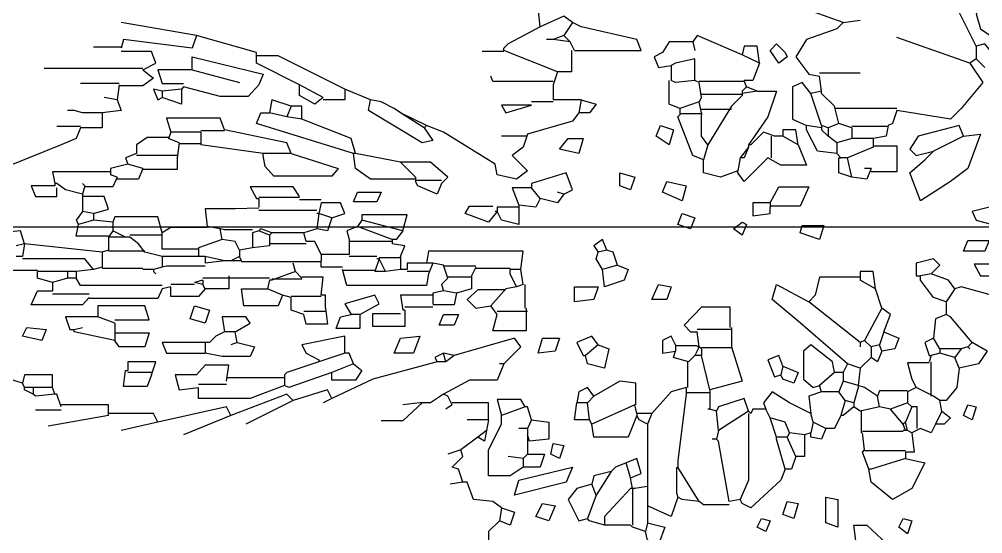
# Model space of a CAD drawing. Header units: metres. Extents: x 97 to 197, y 104 to 205.
# Drawn here: x 183.1988 to 183.3263, y 114.5271 to 114.5952 of the extents above; entities that cross this region are included whole.
import ezdxf

# ---------------------------------------------------------------- set-up
doc = ezdxf.new("R2010")
doc.units = ezdxf.units.M
doc.layers.get('0').update_dxf_attribs({"plot": 0})
doc.layers.add('18-HATCH', color=1, linetype='Continuous')
doc.layers.add('6-VEGETAÇÃO', color=104, linetype='Continuous')

# ---------------------------------------------------------------- blocks, each defined once
blk = doc.blocks.new('arb-alz-72')
at = {"color": 94, "linetype": 'Continuous'}
for points in [[(-0.9937, 4.6651), (-0.9407, 4.6849), (-0.8481, 4.5791), (-0.7753, 4.5129), (-0.729, 4.5261), (-0.6893, 4.5857), (-0.6893, 4.5923)], [(-0.1929, 4.6783), (-0.1929, 4.6056), (-0.1664, 4.4996), (-0.1399, 4.5129), (-0.1134, 4.6122)], [(0.2374, 4.6386), (0.1579, 4.6122), (0.0917, 4.5592), (0.0653, 4.4666), (0.0719, 4.4467)], [(-0.6429, 4.5724), (-0.6826, 4.5393), (-0.676, 4.5129)], [(-0.0042, 4.5791), (-0.0042, 4.5062), (0.0322, 4.5261), (0.0322, 4.5592)], [(-0.077, 4.5526), (-0.0439, 4.5393), (-0.0439, 4.4732), (-0.077, 4.4864), (-0.077, 4.5526)], [(0.2638, 4.546), (0.2374, 4.4996)], [(0.2638, 4.546), (0.3035, 4.5195), (0.3168, 4.46)], [(-0.676, 4.5129), (-0.7951, 4.4533), (-0.8481, 4.3474)], [(-0.676, 4.5129), (-0.6363, 4.5129)], [(-0.6098, 4.5393), (-0.6363, 4.5129)], [(-0.6363, 4.5129), (-0.623, 4.493)], [(-0.623, 4.493), (-0.5635, 4.5327), (-0.484, 4.4666), (-0.4509, 4.4335), (-0.4774, 4.268)], [(-0.398, 4.4732), (-0.4047, 4.5261), (-0.2987, 4.4864), (-0.259, 4.4335), (-0.1995, 4.3408), (-0.2855, 4.3077), (-0.3252, 4.354), (-0.3517, 4.3805)], [(0.4359, 4.5129), (0.4756, 4.4996), (0.4624, 4.4732), (0.4293, 4.4864), (0.4359, 4.5129)], [(-0.623, 4.493), (-0.7025, 4.268)], [(0.2374, 4.4996), (0.1579, 4.4335), (0.1513, 4.4202)], [(0.2374, 4.4996), (0.2506, 4.4864)], [(0.2506, 4.4864), (0.2572, 4.493)], [(0.2506, 4.4864), (0.2572, 4.4666)], [(-0.398, 4.4732), (-0.4311, 4.46), (-0.398, 4.3342), (-0.3583, 4.3077), (-0.3385, 4.3275), (-0.3517, 4.3805)], [(-0.398, 4.4732), (-0.3517, 4.3805)], [(0.2572, 4.4666), (0.2572, 4.4004)], [(0.2572, 4.4666), (0.2837, 4.4467)], [(0.3168, 4.46), (0.2837, 4.4467)], [(0.3168, 4.46), (0.3764, 4.4533), (0.4161, 4.4202), (0.4161, 4.4004)], [(0.0719, 4.4467), (0.0454, 4.4268), (0.0256, 4.3739)], [(0.0719, 4.4467), (0.1116, 4.4202)], [(0.2837, 4.4467), (0.2705, 4.4004)], [(0.4491, 4.407), (0.469, 4.4335), (0.4889, 4.4136), (0.4889, 4.3871)], [(0.0256, 4.3739), (-0.0009, 4.4004), (-0.0208, 4.3805), (-0.0075, 4.3275), (0.0322, 4.3275), (0.0322, 4.3408)], [(0.1116, 4.4202), (0.0984, 4.3805), (0.0454, 4.3408), (0.0322, 4.3408)], [(0.1116, 4.4202), (0.1513, 4.4202)], [(0.1513, 4.4202), (0.1646, 4.3871), (0.2242, 4.3805)], [(0.2572, 4.4004), (0.2242, 4.3805)], [(0.2572, 4.4004), (0.2705, 4.4004)], [(0.2705, 4.4004), (0.2771, 4.3739)], [(0.4161, 4.4004), (0.4028, 4.3805)], [(0.4491, 4.407), (0.4161, 4.4004)], [(0.4491, 4.407), (0.4889, 4.3871)], [(0.0256, 4.3739), (0.0322, 4.3408)], [(0.2242, 4.3805), (0.2374, 4.354), (0.2771, 4.3672), (0.2771, 4.3739)], [(0.2771, 4.3739), (0.2969, 4.3672)], [(0.4028, 4.3739), (0.2969, 4.3739)], [(0.3003, 4.3672), (0.3003, 4.3011), (0.3499, 4.3143), (0.3764, 4.3275)], [(0.4028, 4.3805), (0.3764, 4.3275)], [(0.4889, 4.3871), (0.5154, 4.3739), (0.5021, 4.3408)], [(0.5021, 4.3408), (0.5154, 4.3143)], [(0.5948, 4.2945), (0.608, 4.354), (0.6875, 4.3143), (0.7206, 4.2548), (0.6676, 4.1885), (0.6279, 4.1819)], [(0.3764, 4.3275), (0.3896, 4.3011)], [(0.4359, 4.3143), (0.4227, 4.3011)], [(0.5021, 4.3309), (0.4359, 4.3309), (0.4359, 4.3143)], [(0.4359, 4.3143), (0.4823, 4.2945)], [(0.5154, 4.3143), (0.5088, 4.3011)], [(0.5154, 4.3143), (0.5749, 4.3209), (0.5749, 4.2945)], [(0.7867, 4.3143), (0.8264, 4.3011), (0.8066, 4.2746), (0.7801, 4.2879), (0.7867, 4.3143)], [(0.2043, 4.2283), (0.2242, 4.2746), (0.2572, 4.2614), (0.2638, 4.2216)], [(0.3863, 4.3011), (0.3863, 4.215), (0.4028, 4.2084)], [(0.3896, 4.3011), (0.4227, 4.3011)], [(0.4227, 4.3011), (0.4425, 4.2481)], [(0.4889, 4.2879), (0.4425, 4.2481)], [(0.5088, 4.3011), (0.4823, 4.2945)], [(0.4823, 4.2945), (0.4889, 4.2879)], [(0.5088, 4.2945), (0.4889, 4.2879)], [(0.5088, 4.3011), (0.5088, 4.2945)], [(0.5088, 4.2945), (0.5088, 4.2879)], [(0.512, 4.2879), (0.512, 4.1621)], [(0.5716, 4.2945), (0.5716, 4.1687)], [(0.5749, 4.2945), (0.5948, 4.2945)], [(0.5948, 4.2945), (0.6279, 4.1885), (0.6279, 4.1819)], [(-0.484, 4.268), (-0.484, 4.076)], [(-0.4774, 4.268), (-0.4377, 4.2548), (-0.4311, 4.2415)], [(-0.3682, 4.1952), (-0.3682, 4.268), (-0.2888, 4.268), (-0.2888, 4.1885)], [(0.2043, 4.2283), (0.1513, 4.2481), (0.1315, 4.2216)], [(0.4425, 4.2481), (0.4359, 4.215)], [(0.886, 4.268), (0.9654, 4.2415), (1.0052, 4.1621), (0.7999, 4.1356), (0.7999, 4.1753), (0.886, 4.268)], [(-0.4311, 4.2415), (-0.398, 4.2349), (-0.3914, 4.1952)], [(-0.4278, 4.2415), (-0.4278, 4.129)], [(0.1315, 4.2216), (0.0719, 4.2018)], [(0.1315, 4.2216), (0.2308, 4.1687)], [(0.2043, 4.2283), (0.244, 4.215)], [(0.2638, 4.2216), (0.244, 4.215)], [(0.2638, 4.2216), (0.2969, 4.2084), (0.2837, 4.1885)], [(-0.3914, 4.1952), (-0.3914, 4.129)], [(-0.3914, 4.1952), (-0.3649, 4.1952)], [(-0.3649, 4.1952), (-0.3318, 4.1158)], [(-0.2987, 4.1885), (-0.2987, 4.1687)], [(-0.2987, 4.1885), (-0.2656, 4.1753), (-0.2722, 4.129)], [(0.0719, 4.2018), (0.019, 4.1952), (0.019, 4.1555), (0.0454, 4.1555)], [(0.0719, 4.2018), (0.0454, 4.1555)], [(0.2506, 4.1885), (0.2308, 4.1687)], [(0.244, 4.215), (0.2506, 4.1885)], [(0.2506, 4.1885), (0.2837, 4.1885)], [(0.2837, 4.1885), (0.3168, 4.1555)], [(0.4028, 4.2084), (0.3764, 4.1687), (0.3698, 4.1489)], [(0.4359, 4.215), (0.4028, 4.2084)], [(0.4359, 4.215), (0.4491, 4.1555)], [(0.2308, 4.1687), (0.2374, 4.1555)], [(0.5154, 4.1588), (0.4491, 4.1588)], [(0.5683, 4.1687), (0.5154, 4.1621)], [(0.6279, 4.1819), (0.5749, 4.1621), (0.5683, 4.1687)], [(-0.7488, 4.1025), (-0.7554, 4.1555)], [(-0.5933, 4.0297), (-0.5933, 4.1555)], [(-0.4245, 4.129), (-0.4377, 4.0893)], [(-0.4245, 4.129), (-0.3914, 4.129)], [(-0.3914, 4.129), (-0.3782, 4.0827)], [(-0.2722, 4.129), (-0.2855, 4.0893), (-0.3318, 4.0893), (-0.3318, 4.0959)], [(-0.2722, 4.129), (-0.3318, 4.1158)], [(0.0355, 4.1555), (0.0355, 4.0297), (0.0917, 4.0165), (0.1116, 3.9966)], [(0.2374, 4.1555), (0.1116, 3.9966)], [(0.2374, 4.1555), (0.2506, 4.1555)], [(0.3168, 4.1555), (0.3035, 4.1158)], [(0.3168, 4.1555), (0.3698, 4.1489)], [(0.3698, 4.1489), (0.3565, 4.1025)], [(0.3698, 4.1489), (0.3764, 4.1489)], [(0.3764, 4.1489), (0.4227, 4.1356)], [(0.4227, 4.1356), (0.4161, 4.1092)], [(0.4227, 4.1356), (0.4359, 4.1356)], [(0.4491, 4.1555), (0.4359, 4.1356)], [(0.4359, 4.1356), (0.4624, 4.1025), (0.4624, 4.0959)], [(-0.7488, 4.1025), (-0.7819, 4.0098), (-0.815, 4.0363), (-0.815, 4.0496)], [(-0.7488, 4.1025), (-0.729, 4.0827), (-0.6959, 3.99), (-0.6429, 3.9569), (-0.5899, 3.9966), (-0.5833, 4.0297)], [(-0.3318, 4.1158), (-0.3318, 4.0959)], [(0.3035, 4.1158), (0.1712, 3.9636), (0.105, 3.8841), (0.0587, 3.8973), (0.1116, 3.9966)], [(0.3035, 4.1158), (0.33, 4.1025)], [(0.33, 4.1025), (0.33, 4.076)], [(0.33, 4.1025), (0.3565, 4.1025)], [(0.3565, 4.1025), (0.3896, 4.0893)], [(0.4161, 4.1092), (0.3896, 4.0893)], [(0.4161, 4.1092), (0.4624, 4.0959)], [(-0.4907, 4.076), (-0.5304, 4.0363), (-0.537, 4.0363)], [(-0.4377, 4.0893), (-0.4907, 4.076)], [(-0.4377, 4.0893), (-0.4245, 4.0562)], [(-0.3451, 4.0827), (-0.3517, 4.0231), (-0.4179, 3.99), (-0.4311, 3.99)], [(-0.3782, 4.0827), (-0.398, 4.0562)], [(-0.3782, 4.0827), (-0.3451, 4.0827)], [(-0.3318, 4.0959), (-0.3451, 4.0827)], [(0.33, 4.076), (0.2969, 4.0694), (0.244, 4.0032), (0.2638, 3.9801), (0.3499, 3.9801), (0.3764, 4.0098), (0.3698, 4.0297)], [(0.33, 4.076), (0.3698, 4.0297)], [(0.3896, 4.0893), (0.3896, 4.0363)], [(0.4624, 4.0959), (0.5021, 4.076), (0.5021, 4.0496)], [(0.7206, 4.086), (0.8066, 4.086), (0.7933, 4.0496), (0.7139, 4.0496), (0.7206, 4.086)], [(-0.4245, 4.0562), (-0.4311, 4.0363)], [(-0.4245, 4.0562), (-0.398, 4.0562)], [(-0.398, 4.0562), (-0.4179, 4.0363)], [(-0.1234, 4.0429), (-0.0803, 4.0297), (-0.1001, 3.9702), (-0.1234, 3.9768), (-0.1234, 4.0429)], [(0.5021, 4.0496), (0.4823, 4.0098)], [(0.5021, 4.0496), (0.5352, 4.0363), (0.5286, 4.0032), (0.5154, 4.0032)], [(-0.537, 4.0363), (-0.5833, 4.0297)], [(-0.537, 4.0363), (-0.5304, 4.0032)], [(-0.4311, 4.0363), (-0.5304, 4.0032)], [(-0.4245, 4.0363), (-0.4311, 3.99)], [(-0.4311, 4.0363), (-0.4245, 4.0363)], [(-0.4245, 4.0363), (-0.4179, 4.0363)], [(0.3896, 4.0363), (0.3698, 4.0297)], [(0.3896, 4.0363), (0.4028, 3.9966), (0.4558, 4.0032)], [(0.4823, 4.0098), (0.4558, 4.0032)], [(0.4823, 4.0098), (0.5154, 4.0032)], [(-0.5304, 4.0032), (-0.5635, 3.9768), (-0.5503, 3.947), (-0.4509, 3.947), (-0.4311, 3.99)], [(-0.3716, 3.9636), (-0.3087, 3.99), (-0.3087, 3.9106), (-0.3318, 3.8708)], [(-0.1929, 3.8775), (-0.2425, 3.904), (-0.2425, 3.9966), (-0.1829, 3.9702), (-0.1829, 3.8775)], [(0.4558, 4.0032), (0.4227, 3.9371), (0.3896, 3.8841), (0.4227, 3.8576), (0.4425, 3.8642)], [(0.5154, 4.0032), (0.522, 3.9834)], [(0.522, 3.9834), (0.5154, 3.9371)], [(0.522, 3.9834), (0.5881, 3.9834), (0.5881, 3.9569)], [(-0.3716, 3.9636), (-0.4179, 3.9569), (-0.4179, 3.9172), (-0.398, 3.9172)], [(-0.3716, 3.9636), (-0.398, 3.9172)], [(0.3102, 3.9172), (0.33, 3.9636), (0.3631, 3.9503), (0.3499, 3.9172), (0.3367, 3.9106)], [(0.5881, 3.9569), (0.5286, 3.9304)], [(0.5881, 3.9569), (0.6279, 3.9437), (0.6279, 3.9238)], [(0.7338, 3.9636), (0.7801, 3.9503), (0.7669, 3.9172), (0.7272, 3.9304), (0.7338, 3.9636)], [(-0.6429, 3.9304), (-0.623, 3.904), (-0.6628, 3.8775), (-0.6826, 3.8973), (-0.6561, 3.9238), (-0.6429, 3.9304)], [(0.5154, 3.9371), (0.4823, 3.9238), (0.469, 3.8775)], [(0.5154, 3.9371), (0.5286, 3.9304)], [(0.5286, 3.9304), (0.5286, 3.8973)], [(0.6279, 3.9238), (0.5352, 3.8973), (0.5286, 3.8973)], [(0.6279, 3.9238), (0.661, 3.9106), (0.747, 3.8179), (0.7338, 3.7915), (0.7206, 3.7848)], [(-0.537, 3.8378), (-0.537, 3.8973), (-0.4576, 3.8708), (-0.3716, 3.8113)], [(-0.398, 3.8907), (-0.4112, 3.8576), (-0.3716, 3.8179), (-0.3716, 3.8113)], [(-0.398, 3.9172), (-0.398, 3.8907)], [(0.3102, 3.9172), (0.2771, 3.904), (0.2903, 3.8708), (0.3433, 3.8907), (0.3367, 3.9106)], [(0.3102, 3.9172), (0.3367, 3.9106)], [(0.5286, 3.8973), (0.469, 3.8775)], [(-0.398, 3.8808), (-0.3318, 3.8808)], [(-0.3318, 3.8708), (-0.312, 3.851), (-0.259, 3.7981), (-0.2855, 3.7782), (-0.2921, 3.7782)], [(-0.1929, 3.8775), (-0.1929, 3.8245), (-0.1531, 3.8245), (-0.1597, 3.8775), (-0.1796, 3.8775)], [(-0.1929, 3.8775), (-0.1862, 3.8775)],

__________________________________________________

* [Activity] Within the listing above, copy each line that has the string "Continuous".

* [Response to this exercise]
doc.layers.add('18-HATCH', color=1, linetype='Continuous')
doc.layers.add('6-VEGETAÇÃO', color=104, linetype='Continuous')
at = {"color": 94, "linetype": 'Continuous'}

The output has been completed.